-- Opening Marker --

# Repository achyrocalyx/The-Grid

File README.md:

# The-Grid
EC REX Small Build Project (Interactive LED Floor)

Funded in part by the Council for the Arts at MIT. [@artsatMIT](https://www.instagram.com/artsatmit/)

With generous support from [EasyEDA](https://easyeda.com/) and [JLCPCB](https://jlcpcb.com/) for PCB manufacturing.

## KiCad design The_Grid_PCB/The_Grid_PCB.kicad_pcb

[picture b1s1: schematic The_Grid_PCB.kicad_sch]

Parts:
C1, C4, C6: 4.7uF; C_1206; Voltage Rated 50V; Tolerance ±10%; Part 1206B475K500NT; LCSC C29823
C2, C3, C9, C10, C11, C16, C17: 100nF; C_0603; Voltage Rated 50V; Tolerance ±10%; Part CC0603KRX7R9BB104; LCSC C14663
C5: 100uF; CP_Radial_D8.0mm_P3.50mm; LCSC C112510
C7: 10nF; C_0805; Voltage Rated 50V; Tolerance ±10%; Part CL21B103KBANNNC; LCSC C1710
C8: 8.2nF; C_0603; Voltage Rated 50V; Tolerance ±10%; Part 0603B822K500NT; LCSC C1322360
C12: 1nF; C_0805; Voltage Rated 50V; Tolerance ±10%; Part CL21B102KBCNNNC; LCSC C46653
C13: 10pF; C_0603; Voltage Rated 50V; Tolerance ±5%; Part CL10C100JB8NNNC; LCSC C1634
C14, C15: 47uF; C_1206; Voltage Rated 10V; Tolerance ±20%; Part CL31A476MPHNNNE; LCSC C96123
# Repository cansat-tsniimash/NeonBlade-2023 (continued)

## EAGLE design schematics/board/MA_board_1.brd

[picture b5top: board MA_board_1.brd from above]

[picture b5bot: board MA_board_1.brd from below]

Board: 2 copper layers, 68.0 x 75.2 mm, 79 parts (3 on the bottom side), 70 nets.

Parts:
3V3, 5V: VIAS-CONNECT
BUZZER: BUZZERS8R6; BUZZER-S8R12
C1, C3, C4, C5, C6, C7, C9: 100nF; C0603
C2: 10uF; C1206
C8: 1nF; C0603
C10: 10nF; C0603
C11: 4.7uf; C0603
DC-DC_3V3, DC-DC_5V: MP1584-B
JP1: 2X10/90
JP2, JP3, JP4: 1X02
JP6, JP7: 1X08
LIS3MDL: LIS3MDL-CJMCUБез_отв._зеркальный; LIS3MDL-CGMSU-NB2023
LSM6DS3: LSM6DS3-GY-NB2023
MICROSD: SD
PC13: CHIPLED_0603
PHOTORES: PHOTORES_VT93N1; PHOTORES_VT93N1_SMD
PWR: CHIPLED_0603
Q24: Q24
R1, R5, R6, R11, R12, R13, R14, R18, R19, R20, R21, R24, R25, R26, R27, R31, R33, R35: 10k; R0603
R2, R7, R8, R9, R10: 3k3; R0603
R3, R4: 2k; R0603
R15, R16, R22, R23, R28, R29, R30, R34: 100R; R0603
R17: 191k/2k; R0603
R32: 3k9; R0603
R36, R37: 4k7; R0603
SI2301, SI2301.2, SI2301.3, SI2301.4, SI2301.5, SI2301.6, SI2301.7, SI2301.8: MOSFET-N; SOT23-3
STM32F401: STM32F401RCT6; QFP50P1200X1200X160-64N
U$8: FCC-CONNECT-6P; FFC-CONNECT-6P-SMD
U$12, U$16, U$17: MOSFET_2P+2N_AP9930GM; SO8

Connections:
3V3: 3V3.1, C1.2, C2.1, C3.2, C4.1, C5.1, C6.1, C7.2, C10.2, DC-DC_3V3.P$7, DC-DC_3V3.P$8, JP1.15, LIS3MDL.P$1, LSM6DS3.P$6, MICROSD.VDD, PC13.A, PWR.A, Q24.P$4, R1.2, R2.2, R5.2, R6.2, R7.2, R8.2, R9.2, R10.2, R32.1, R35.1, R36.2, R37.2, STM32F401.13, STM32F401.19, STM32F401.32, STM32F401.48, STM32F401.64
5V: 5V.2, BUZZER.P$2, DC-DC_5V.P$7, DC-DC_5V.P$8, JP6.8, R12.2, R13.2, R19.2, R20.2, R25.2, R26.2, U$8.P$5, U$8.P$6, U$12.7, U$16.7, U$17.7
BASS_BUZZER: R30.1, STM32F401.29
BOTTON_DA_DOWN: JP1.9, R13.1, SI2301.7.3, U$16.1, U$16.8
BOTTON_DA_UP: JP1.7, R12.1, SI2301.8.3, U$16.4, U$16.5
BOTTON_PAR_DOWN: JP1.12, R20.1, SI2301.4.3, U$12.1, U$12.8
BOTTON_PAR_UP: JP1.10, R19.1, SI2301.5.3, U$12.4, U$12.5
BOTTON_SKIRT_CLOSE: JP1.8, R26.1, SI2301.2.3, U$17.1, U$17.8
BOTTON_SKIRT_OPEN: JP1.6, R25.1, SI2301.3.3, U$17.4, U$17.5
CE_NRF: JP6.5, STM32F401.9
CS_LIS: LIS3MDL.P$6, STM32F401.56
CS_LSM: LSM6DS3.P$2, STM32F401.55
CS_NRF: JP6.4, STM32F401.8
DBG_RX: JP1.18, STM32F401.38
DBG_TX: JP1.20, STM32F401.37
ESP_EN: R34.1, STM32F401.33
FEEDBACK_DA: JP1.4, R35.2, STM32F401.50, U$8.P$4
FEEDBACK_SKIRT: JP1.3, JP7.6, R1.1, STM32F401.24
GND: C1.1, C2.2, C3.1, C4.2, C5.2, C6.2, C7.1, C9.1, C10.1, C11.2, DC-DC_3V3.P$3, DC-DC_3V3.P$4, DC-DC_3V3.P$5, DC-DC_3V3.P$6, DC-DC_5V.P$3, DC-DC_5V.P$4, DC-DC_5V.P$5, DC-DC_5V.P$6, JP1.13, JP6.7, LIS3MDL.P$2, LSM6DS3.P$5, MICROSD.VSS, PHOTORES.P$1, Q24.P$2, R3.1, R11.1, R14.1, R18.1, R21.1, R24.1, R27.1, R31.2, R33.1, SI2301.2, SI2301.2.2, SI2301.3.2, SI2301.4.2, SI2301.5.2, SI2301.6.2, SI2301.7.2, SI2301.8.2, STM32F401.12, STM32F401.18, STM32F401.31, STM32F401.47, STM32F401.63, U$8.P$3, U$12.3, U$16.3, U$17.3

-- Closing Marker --

A faithful copy of all the material is the required answer.

# Repository achyrocalyx/The-Grid

File README.md:

# The-Grid
EC REX Small Build Project (Interactive LED Floor)

Funded in part by the Council for the Arts at MIT. [@artsatMIT](https://www.instagram.com/artsatmit/)

With generous support from [EasyEDA](https://easyeda.com/) and [JLCPCB](https://jlcpcb.com/) for PCB manufacturing.

## KiCad design The_Grid_PCB/The_Grid_PCB.kicad_pcb

[picture b1s1: schematic The_Grid_PCB.kicad_sch]

Parts:
C1, C4, C6: 4.7uF; C_1206; Voltage Rated 50V; Tolerance ±10%; Part 1206B475K500NT; LCSC C29823
C2, C3, C9, C10, C11, C16, C17: 100nF; C_0603; Voltage Rated 50V; Tolerance ±10%; Part CC0603KRX7R9BB104; LCSC C14663
C5: 100uF; CP_Radial_D8.0mm_P3.50mm; LCSC C112510
C7: 10nF; C_0805; Voltage Rated 50V; Tolerance ±10%; Part CL21B103KBANNNC; LCSC C1710
C8: 8.2nF; C_0603; Voltage Rated 50V; Tolerance ±10%; Part 0603B822K500NT; LCSC C1322360
C12: 1nF; C_0805; Voltage Rated 50V; Tolerance ±10%; Part CL21B102KBCNNNC; LCSC C46653
C13: 10pF; C_0603; Voltage Rated 50V; Tolerance ±5%; Part CL10C100JB8NNNC; LCSC C1634
C14, C15: 47uF; C_1206; Voltage Rated 10V; Tolerance ±20%; Part CL31A476MPHNNNE; LCSC C96123
# Repository cansat-tsniimash/NeonBlade-2023 (continued)

## EAGLE design schematics/board/MA_board_1.brd

[picture b5top: board MA_board_1.brd from above]

[picture b5bot: board MA_board_1.brd from below]

Board: 2 copper layers, 68.0 x 75.2 mm, 79 parts (3 on the bottom side), 70 nets.

Parts:
3V3, 5V: VIAS-CONNECT
BUZZER: BUZZERS8R6; BUZZER-S8R12
C1, C3, C4, C5, C6, C7, C9: 100nF; C0603
C2: 10uF; C1206
C8: 1nF; C0603
C10: 10nF; C0603
C11: 4.7uf; C0603
DC-DC_3V3, DC-DC_5V: MP1584-B
JP1: 2X10/90
JP2, JP3, JP4: 1X02
JP6, JP7: 1X08
LIS3MDL: LIS3MDL-CJMCUБез_отв._зеркальный; LIS3MDL-CGMSU-NB2023
LSM6DS3: LSM6DS3-GY-NB2023
MICROSD: SD
PC13: CHIPLED_0603
PHOTORES: PHOTORES_VT93N1; PHOTORES_VT93N1_SMD
PWR: CHIPLED_0603
Q24: Q24
R1, R5, R6, R11, R12, R13, R14, R18, R19, R20, R21, R24, R25, R26, R27, R31, R33, R35: 10k; R0603
R2, R7, R8, R9, R10: 3k3; R0603
R3, R4: 2k; R0603
R15, R16, R22, R23, R28, R29, R30, R34: 100R; R0603
R17: 191k/2k; R0603
R32: 3k9; R0603
R36, R37: 4k7; R0603
SI2301, SI2301.2, SI2301.3, SI2301.4, SI2301.5, SI2301.6, SI2301.7, SI2301.8: MOSFET-N; SOT23-3
STM32F401: STM32F401RCT6; QFP50P1200X1200X160-64N
U$8: FCC-CONNECT-6P; FFC-CONNECT-6P-SMD
U$12, U$16, U$17: MOSFET_2P+2N_AP9930GM; SO8

Connections:
3V3: 3V3.1, C1.2, C2.1, C3.2, C4.1, C5.1, C6.1, C7.2, C10.2, DC-DC_3V3.P$7, DC-DC_3V3.P$8, JP1.15, LIS3MDL.P$1, LSM6DS3.P$6, MICROSD.VDD, PC13.A, PWR.A, Q24.P$4, R1.2, R2.2, R5.2, R6.2, R7.2, R8.2, R9.2, R10.2, R32.1, R35.1, R36.2, R37.2, STM32F401.13, STM32F401.19, STM32F401.32, STM32F401.48, STM32F401.64
5V: 5V.2, BUZZER.P$2, DC-DC_5V.P$7, DC-DC_5V.P$8, JP6.8, R12.2, R13.2, R19.2, R20.2, R25.2, R26.2, U$8.P$5, U$8.P$6, U$12.7, U$16.7, U$17.7
BASS_BUZZER: R30.1, STM32F401.29
BOTTON_DA_DOWN: JP1.9, R13.1, SI2301.7.3, U$16.1, U$16.8
BOTTON_DA_UP: JP1.7, R12.1, SI2301.8.3, U$16.4, U$16.5
BOTTON_PAR_DOWN: JP1.12, R20.1, SI2301.4.3, U$12.1, U$12.8
BOTTON_PAR_UP: JP1.10, R19.1, SI2301.5.3, U$12.4, U$12.5
BOTTON_SKIRT_CLOSE: JP1.8, R26.1, SI2301.2.3, U$17.1, U$17.8
BOTTON_SKIRT_OPEN: JP1.6, R25.1, SI2301.3.3, U$17.4, U$17.5
CE_NRF: JP6.5, STM32F401.9
CS_LIS: LIS3MDL.P$6, STM32F401.56
CS_LSM: LSM6DS3.P$2, STM32F401.55
CS_NRF: JP6.4, STM32F401.8
DBG_RX: JP1.18, STM32F401.38
DBG_TX: JP1.20, STM32F401.37
ESP_EN: R34.1, STM32F401.33
FEEDBACK_DA: JP1.4, R35.2, STM32F401.50, U$8.P$4
FEEDBACK_SKIRT: JP1.3, JP7.6, R1.1, STM32F401.24
GND: C1.1, C2.2, C3.1, C4.2, C5.2, C6.2, C7.1, C9.1, C10.1, C11.2, DC-DC_3V3.P$3, DC-DC_3V3.P$4, DC-DC_3V3.P$5, DC-DC_3V3.P$6, DC-DC_5V.P$3, DC-DC_5V.P$4, DC-DC_5V.P$5, DC-DC_5V.P$6, JP1.13, JP6.7, LIS3MDL.P$2, LSM6DS3.P$5, MICROSD.VSS, PHOTORES.P$1, Q24.P$2, R3.1, R11.1, R14.1, R18.1, R21.1, R24.1, R27.1, R31.2, R33.1, SI2301.2, SI2301.2.2, SI2301.3.2, SI2301.4.2, SI2301.5.2, SI2301.6.2, SI2301.7.2, SI2301.8.2, STM32F401.12, STM32F401.18, STM32F401.31, STM32F401.47, STM32F401.63, U$8.P$3, U$12.3, U$16.3, U$17.3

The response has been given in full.